Mijn fractie maakt zich grote zorgen over reïntegratie van arbeidsgehandicapten. Na de versobering van de Wet REA van vorig jaar, zullen de besparingen op het reïntegratiebudget van 650 mln euro volgend jaar ongetwijfeld ook negatieve gevolgen hebben voor de arbeidsgehandicapten. Ik kan mij niet voorstellen dat de forse besparing in haar geheel kan worden gerealiseerd door efficiencymaatregelen.

Inzake sociale samenhang vindt de fractie van de ChristenUnie dat meer mensen verantwoordelijkheid moet kunnen worden gegeven dan wij lange tijd voor mogelijk hebben gehouden binnen het beleid. Ook bij dit onderwerp geldt dat verantwoordelijkheden moeten worden neergelegd waar ze horen: bij de burgers. Dit bevordert een scherp oog voor de vraag of deze verantwoordelijkheden kunnen worden opgepakt en waargemaakt en binnen welke termijn. De omvangrijke schuldenproblematiek toont bijvoorbeeld aan dat dit beleid op een steeds grotere schaal ernstig ontspoort.

Mevrouw Noorman-den Uyl (PvdA):

In mijn eerste termijn heb ik gepleit voor een stimuleringsregeling voor de schuldsanering. Sluit uw opmerking daarover bij mijn idee aan? Voelt u voor zo'n instrument?
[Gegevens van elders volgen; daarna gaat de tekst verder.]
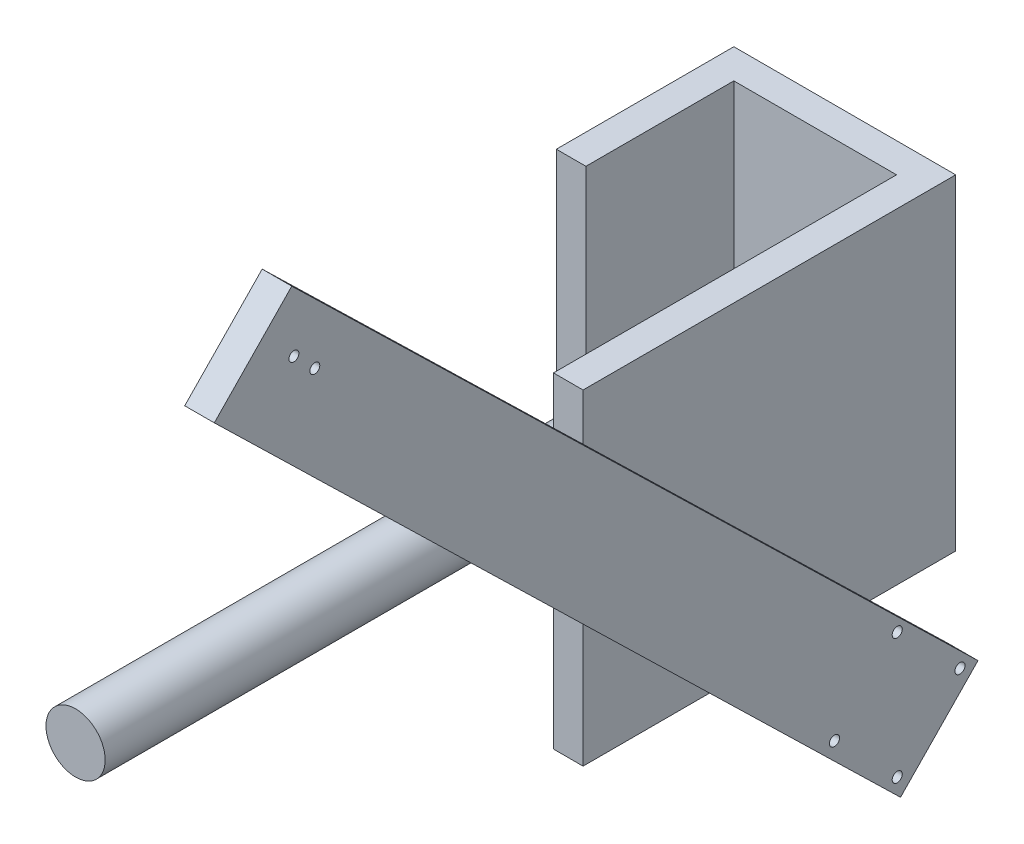
SolidWorks part; units mm, degrees
ref_plane "Plano frontal" through (0, 0, 0) normal (0, 0, 1) x (1, 0, 0)
ref_plane "Plano superior" through (0, 0, 0) normal (0, 1, 0) x (1, 0, 0)
ref_plane "Plano direito" through (0, 0, 0) normal (1, 0, 0) x (0, 0, -1)
sketch "Sketch1" plane through (-22937.0118, 0, 0) normal (-1, 0, 0) x (0, 0, 1)
  line L0 (41237.4948, 5557.9294) -> (40773.5754, 5106.7539)
  line L1 (40773.5754, 5106.7539) -> (40825.9393, 5052.9109)
  line L2 (40825.9393, 5052.9109) -> (41289.8587, 5504.0864)
  line L3 (41289.8587, 5504.0864) -> (41237.4948, 5557.9294)
  circle A0 centre (41221.902, 5502.0536) radius 3.35
  circle A1 centre (41236.0441, 5516.1957) radius 3.35
  circle A2 centre (41236.0441, 5516.1957) radius 3.35 construction
  circle A3 centre (41221.902, 5502.0536) radius 3.35 construction
  circle A4 centre (40870.597, 5108.3222) radius 3.4
  circle A5 centre (40828.1706, 5065.8958) radius 3.4
  circle A6 centre (40828.1706, 5150.7487) radius 3.4
  circle A7 centre (40785.7442, 5108.3222) radius 3.4
  circle A8 centre (40870.597, 5108.3222) radius 3.4 construction
  circle A9 centre (40828.1706, 5065.8958) radius 3.4 construction
  circle A10 centre (40828.1706, 5150.7487) radius 3.4 construction
  circle A11 centre (40785.7442, 5108.3222) radius 3.4 construction
extrude "Boss-Extrude1" add sketch "Sketch1" along normal blind 20
sketch "Sketch2" plane through (-22957.0118, 0, 0) normal (-1, 0, 0) x (0, 0, 1)
  line L1 (41020.5645, 5378.6886) -> (40768.635, 5378.6886)
  line L2 (41020.5645, 5378.6886) -> (41020.5645, 5158.4431)
  line L3 (41020.5645, 5158.4431) -> (40768.635, 5158.4431)
  line L4 (40768.635, 5378.6886) -> (40768.635, 5158.4431)
  line L5 (40768.635, 5378.6886) -> (40788.635, 5378.6886)
  line L6 (40768.635, 5378.6886) -> (40768.635, 5158.4431)
  line L7 (40768.635, 5158.4431) -> (40788.635, 5158.4431)
  line L8 (40788.635, 5378.6886) -> (40788.635, 5158.4431)
  line M5 (41237.4948, 5557.9294) -> (40773.5754, 5106.7539)
  line M7 (40825.9393, 5052.9109) -> (41289.8587, 5504.0864)
  dimension "D1" = 20
extrude "Boss-Extrude2" add sketch "Sketch2" along normal blind 20 contours L1 L8 L3 M5 | L3 L2 M7 | L3 L2 L1 M7 M5
sketch "Sketch3" plane through (-22957.0118, 0, 0) normal (-1, 0, 0) x (0, 0, 1)
  line L0 (41020.5645, 5378.6886) -> (40788.635, 5378.6886) construction
  line L1 (40788.635, 5158.4431) -> (40768.635, 5158.4431)
  line L2 (40788.635, 5158.4431) -> (40788.635, 5378.6886)
  line L3 (40788.635, 5378.6886) -> (40768.635, 5378.6886)
  line L4 (40768.635, 5158.4431) -> (40768.635, 5378.6886)
  dimension "D1" = 20
extrude "Boss-Extrude3" add sketch "Sketch3" along normal blind 150
sketch "Sketch4" plane through (0, 0, 40788.635) normal (0, 0, 1) x (1, 0, 0)
  line L0 (-23107.0118, 5158.4431) -> (-23107.0118, 5378.6886) construction
  line L1 (-23107.0118, 5158.4431) -> (-23087.0118, 5158.4431)
  line L2 (-23107.0118, 5158.4431) -> (-23107.0118, 5378.6886)
  line L3 (-23107.0118, 5378.6886) -> (-23087.0118, 5378.6886)
  line L4 (-23087.0118, 5158.4431) -> (-23087.0118, 5378.6886)
  line L5 (-23107.0118, 5378.6886) -> (-22977.0118, 5378.6886) construction
  dimension "D1" = 20
extrude "Boss-Extrude4" add sketch "Sketch4" along normal blind 100
sketch "Sketch5" plane through (0, 0, 40788.635) normal (0, 0, 1) x (1, 0, 0)
  line L0 (-22957.0118, 5378.6886) -> (-23107.0118, 5158.4431) construction
  line L1 (-23107.0118, 5158.4431) -> (-23107.0118, 5378.6886) construction
  line L2 (-23107.0118, 5378.6886) -> (-23107.0118, 5158.4431) construction
  line L3 (-23107.0118, 5378.6886) -> (-22957.0118, 5158.4431) construction
  circle A0 centre (-23032.0118, 5268.5658) radius 20
  dimension "D1" = 40
extrude "Boss-Extrude5" add sketch "Sketch5" along normal blind 500
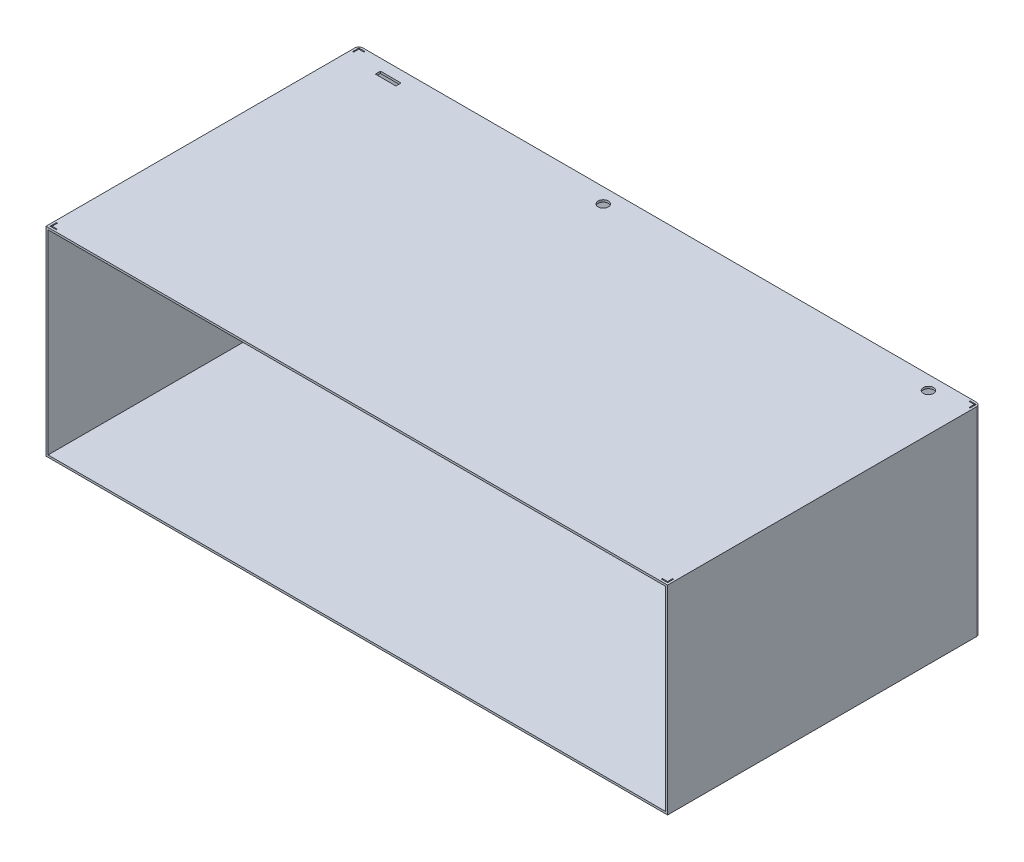
SolidWorks part; units mm, degrees
material "PVC Rigid"
ref_plane "Front Plane" through (0, 0, 0) normal (0, 0, 1) x (1, 0, 0)
ref_plane "Top Plane" through (0, 0, 0) normal (0, 1, 0) x (1, 0, 0)
ref_plane "Right Plane" through (0, 0, 0) normal (1, 0, 0) x (0, 0, -1)
sketch "Sketch1" plane through (0, 0, 0) normal (0, 0, 1) x (1, 0, 0)
  line L1 (-604, 193.5) -> (604, 193.5)
  line L2 (-604, 193.5) -> (-604, -193.5)
  line L3 (-604, -193.5) -> (604, -193.5)
  line L4 (604, 193.5) -> (604, -193.5)
  line L5 (-604, 193.5) -> (604, -193.5) construction
  line L6 (-604, -193.5) -> (604, 193.5) construction
  point P0 (0, 0)
extrude "Boss-Extrude1" add sketch "Sketch1" along normal blind 608
sketch "Sketch2" plane through (0, 0, 608) normal (0, 0, 1) x (1, 0, 0)
  line L1 (-600, 189.5) -> (600, 189.5)
  line L2 (-600, 189.5) -> (-600, -189.5)
  line L3 (-600, -189.5) -> (600, -189.5)
  line L4 (600, 189.5) -> (600, -189.5)
  line L5 (-600, 189.5) -> (600, -189.5) construction
  line L6 (-600, -189.5) -> (600, 189.5) construction
  point P0 (0, 0)
extrude "Cut-Extrude1" cut sketch "Sketch2" against normal blind 604 contours L1 L4 L3 L2
sketch "Sketch3" plane through (0, -193.5, 0) normal (0, -1, 0) x (1, 0, 0)
  line L0 (-604, 608) -> (604, 608) construction
  line L1 (-604, 608) -> (-604, 0) construction
  line L2 (604, 608) -> (604, 0) construction
  line L3 (-604, 0) -> (604, 0) construction
  circle A0 centre (-504, 528) radius 25 construction
  circle A1 centre (504, 528) radius 25 construction
  circle A2 centre (-504, 80) radius 25 construction
  circle A3 centre (504, 80) radius 25 construction
  dimension "D1" = 80
  dimension "D3" = 100
  dimension "D5" = 80
  dimension "D2" = 100
  dimension "D4" = 80
fillet "Fillet1" radius 8 2 edges at (-604, 0, 0) (604, 0, 0)
sketch "Sketch4" plane through (0, 193.5, 0) normal (0, 1, 0) x (1, 0, 0)
  line L0 (-604, -608) -> (-604, -8) construction
  line L1 (604, -608) -> (-604, -608) construction
  line L2 (-600, -604) -> (-588, -604)
  line L3 (-588, -604) -> (-588, -602)
  line L4 (-588, -602) -> (-598, -602)
  line L5 (-598, -602) -> (-598, -592)
  line L6 (-598, -592) -> (-600, -592)
  line L7 (-600, -592) -> (-600, -604)
  point P0 (-600, -604)
  dimension "D1" = 4
  dimension "D2" = 4
extrude "Cut-Extrude2" cut sketch "Sketch4" against normal blind 2
mirror "Mirror1" about plane through (0, 0, 0) normal (1, 0, 0) of "Cut-Extrude2"
ref_plane "Plane1" through (0, 0, 304) normal (0, 0, 1) x (1, 0, 0)
mirror "Mirror2" about plane through (0, 0, 304) normal (0, 0, 1) of "Mirror1", "Cut-Extrude2"
sketch "Sketch5" plane through (0, 193.5, 0) normal (0, 1, 0) x (1, 0, 0)
  line L0 (596, 0) -> (-596, 0) construction
  line L1 (-500, -22) -> (-540, -22)
  line L2 (-500, -22) -> (-500, -32)
  line L3 (-500, -32) -> (-540, -32)
  line L4 (-540, -22) -> (-540, -32)
  line L5 (-500, -22) -> (-540, -32) construction
  line L6 (-500, -32) -> (-540, -22) construction
  line L8 (-604, -608) -> (-604, -8) construction
  circle A0 centre (-100, -29) radius 10
  circle A1 centre (530, -27) radius 10
  point P0 (-520, -27)
  dimension "D3" = 29
  dimension "D5" = 27
  dimension "D1" = 22
  dimension "D2" = 64
  dimension "D4" = 504
  dimension "D6" = 1134
extrude "Cut-Extrude4" cut sketch "Sketch5" against normal up to surface (4 mm away) up to face at (0, 189.5, 306)

De heer Van Dijke (ChristenUnie):

Het zal mevrouw Noorman niet vreemd in de oren klinken dat ik mij erover verbaas dat zo'n groot aantal mensen met schulden niet kan worden geholpen. Wij moeten er alles aan doen om die hulp in goede banen te leiden. Als een stimuleringsregeling een integrale schuldhulpverlening binnen bereik kan brengen, wil ik daarover zeker nadenken. De regering is mij nu echter een antwoord schuldig over een al zo lang slepende problematiek. Ik heb nu al bij drie kabinetten aandacht gevraagd voor deze problematiek. Het lijkt mij dat dit kabinet dit probleem nu eens tot een goed einde moet brengen. Te vaak en nu weer, in antwoord op onze vragen, wordt er verwezen naar studies over bijvoorbeeld budgetbegeleiding en schuldhulpverlening bij de jeugd. Er komt echter geen oplossing, terwijl dat jaren geleden al werd beloofd.

Ten slotte nog een opmerking over de nabestaandenwet. Dit kabinet is opgezadeld met een van de slechtste producten van Paars; daar kan het ook niets aan doen. Er zijn tal van juridische procedures gaande, waaronder zeer principiële op Europees niveau. Het gaat mij er nu om dat de uitvoering van de nabestaandenwet zeer te wensen overlaat. Ik vraag de minister, adequaat te reageren op deze hem bekende problematiek.

De algemene beraadslaging wordt geschorst.

De voorzitter:

Aangezien de heer Jense te kennen heeft gegeven, alleen in tweede termijn het woord te willen voeren, zijn wij gekomen aan het eind van de eerste termijn van de kant van de Kamer. De behandeling van deze begroting zal morgenochtend worden voortgezet.

De vergadering wordt enkele minuten geschorst.